** Task statement **
Within the data that follows, set down exactly the lines from the one containing "#11746 = CARTESIAN_POINT" through the one containing "#14957 = LINE ( 'NONE', #7660, #6699 ) ;", both ends included.

Saved entries
►

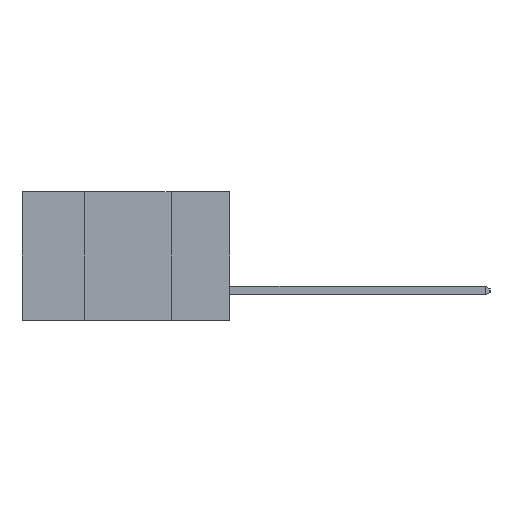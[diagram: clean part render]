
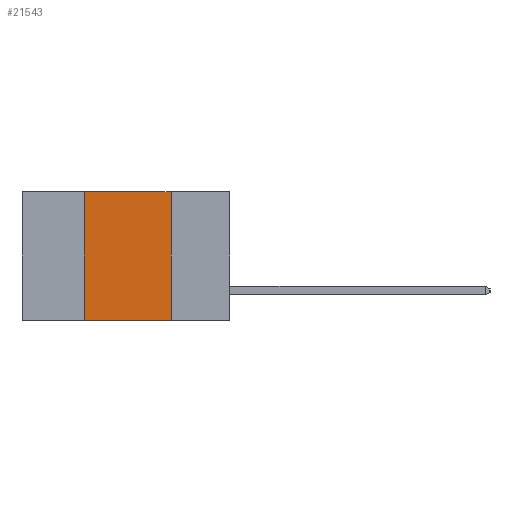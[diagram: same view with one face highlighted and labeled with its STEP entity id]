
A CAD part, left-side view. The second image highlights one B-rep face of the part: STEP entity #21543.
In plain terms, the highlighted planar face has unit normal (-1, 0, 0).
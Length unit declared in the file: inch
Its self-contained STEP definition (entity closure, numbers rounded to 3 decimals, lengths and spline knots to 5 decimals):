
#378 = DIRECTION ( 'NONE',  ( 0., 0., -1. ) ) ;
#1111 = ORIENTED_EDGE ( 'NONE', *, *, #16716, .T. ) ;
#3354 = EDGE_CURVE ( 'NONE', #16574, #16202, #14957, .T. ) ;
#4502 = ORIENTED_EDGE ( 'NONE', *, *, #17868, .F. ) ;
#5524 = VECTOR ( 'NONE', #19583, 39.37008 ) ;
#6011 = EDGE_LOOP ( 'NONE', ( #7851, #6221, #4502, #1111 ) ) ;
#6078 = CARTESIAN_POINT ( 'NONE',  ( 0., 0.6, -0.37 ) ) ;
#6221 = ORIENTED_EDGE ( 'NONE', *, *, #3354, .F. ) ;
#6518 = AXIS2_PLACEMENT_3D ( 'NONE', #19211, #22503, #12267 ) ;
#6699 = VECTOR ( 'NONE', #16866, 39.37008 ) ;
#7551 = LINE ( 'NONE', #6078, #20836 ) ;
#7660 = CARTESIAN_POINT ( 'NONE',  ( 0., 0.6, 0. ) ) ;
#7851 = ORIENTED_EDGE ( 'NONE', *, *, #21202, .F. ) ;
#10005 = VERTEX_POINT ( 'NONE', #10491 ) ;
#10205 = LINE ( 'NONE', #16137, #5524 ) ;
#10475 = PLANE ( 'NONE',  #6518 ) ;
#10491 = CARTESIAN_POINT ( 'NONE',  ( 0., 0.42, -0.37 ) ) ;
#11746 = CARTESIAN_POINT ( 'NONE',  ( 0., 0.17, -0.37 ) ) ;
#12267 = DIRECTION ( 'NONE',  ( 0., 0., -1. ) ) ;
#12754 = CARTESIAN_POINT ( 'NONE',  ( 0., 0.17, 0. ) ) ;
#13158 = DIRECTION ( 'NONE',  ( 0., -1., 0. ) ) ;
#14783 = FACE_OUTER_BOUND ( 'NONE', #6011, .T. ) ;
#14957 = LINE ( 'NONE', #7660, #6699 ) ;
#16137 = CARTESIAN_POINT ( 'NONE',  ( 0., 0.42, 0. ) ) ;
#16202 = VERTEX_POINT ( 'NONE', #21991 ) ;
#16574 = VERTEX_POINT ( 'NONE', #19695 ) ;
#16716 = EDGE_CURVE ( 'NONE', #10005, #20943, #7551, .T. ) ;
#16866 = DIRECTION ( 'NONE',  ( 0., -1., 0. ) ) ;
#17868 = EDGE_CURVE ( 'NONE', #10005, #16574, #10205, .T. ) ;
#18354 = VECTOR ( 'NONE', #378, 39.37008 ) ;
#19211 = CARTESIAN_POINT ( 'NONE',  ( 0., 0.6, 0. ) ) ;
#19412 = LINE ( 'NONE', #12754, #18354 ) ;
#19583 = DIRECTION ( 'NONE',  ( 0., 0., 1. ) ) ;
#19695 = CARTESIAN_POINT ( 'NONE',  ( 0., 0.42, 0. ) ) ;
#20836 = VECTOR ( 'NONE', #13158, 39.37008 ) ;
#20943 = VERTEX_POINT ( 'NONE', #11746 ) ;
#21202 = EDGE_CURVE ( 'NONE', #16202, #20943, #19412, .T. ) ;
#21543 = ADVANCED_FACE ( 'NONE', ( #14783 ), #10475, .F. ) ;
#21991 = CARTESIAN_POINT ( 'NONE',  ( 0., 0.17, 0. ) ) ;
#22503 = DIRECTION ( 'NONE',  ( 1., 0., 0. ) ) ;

◄

** Result for this exercise **
#11746 = CARTESIAN_POINT ( 'NONE',  ( 0., 0.17, -0.37 ) ) ;
#12267 = DIRECTION ( 'NONE',  ( 0., 0., -1. ) ) ;
#12754 = CARTESIAN_POINT ( 'NONE',  ( 0., 0.17, 0. ) ) ;
#13158 = DIRECTION ( 'NONE',  ( 0., -1., 0. ) ) ;
#14783 = FACE_OUTER_BOUND ( 'NONE', #6011, .T. ) ;
#14957 = LINE ( 'NONE', #7660, #6699 ) ;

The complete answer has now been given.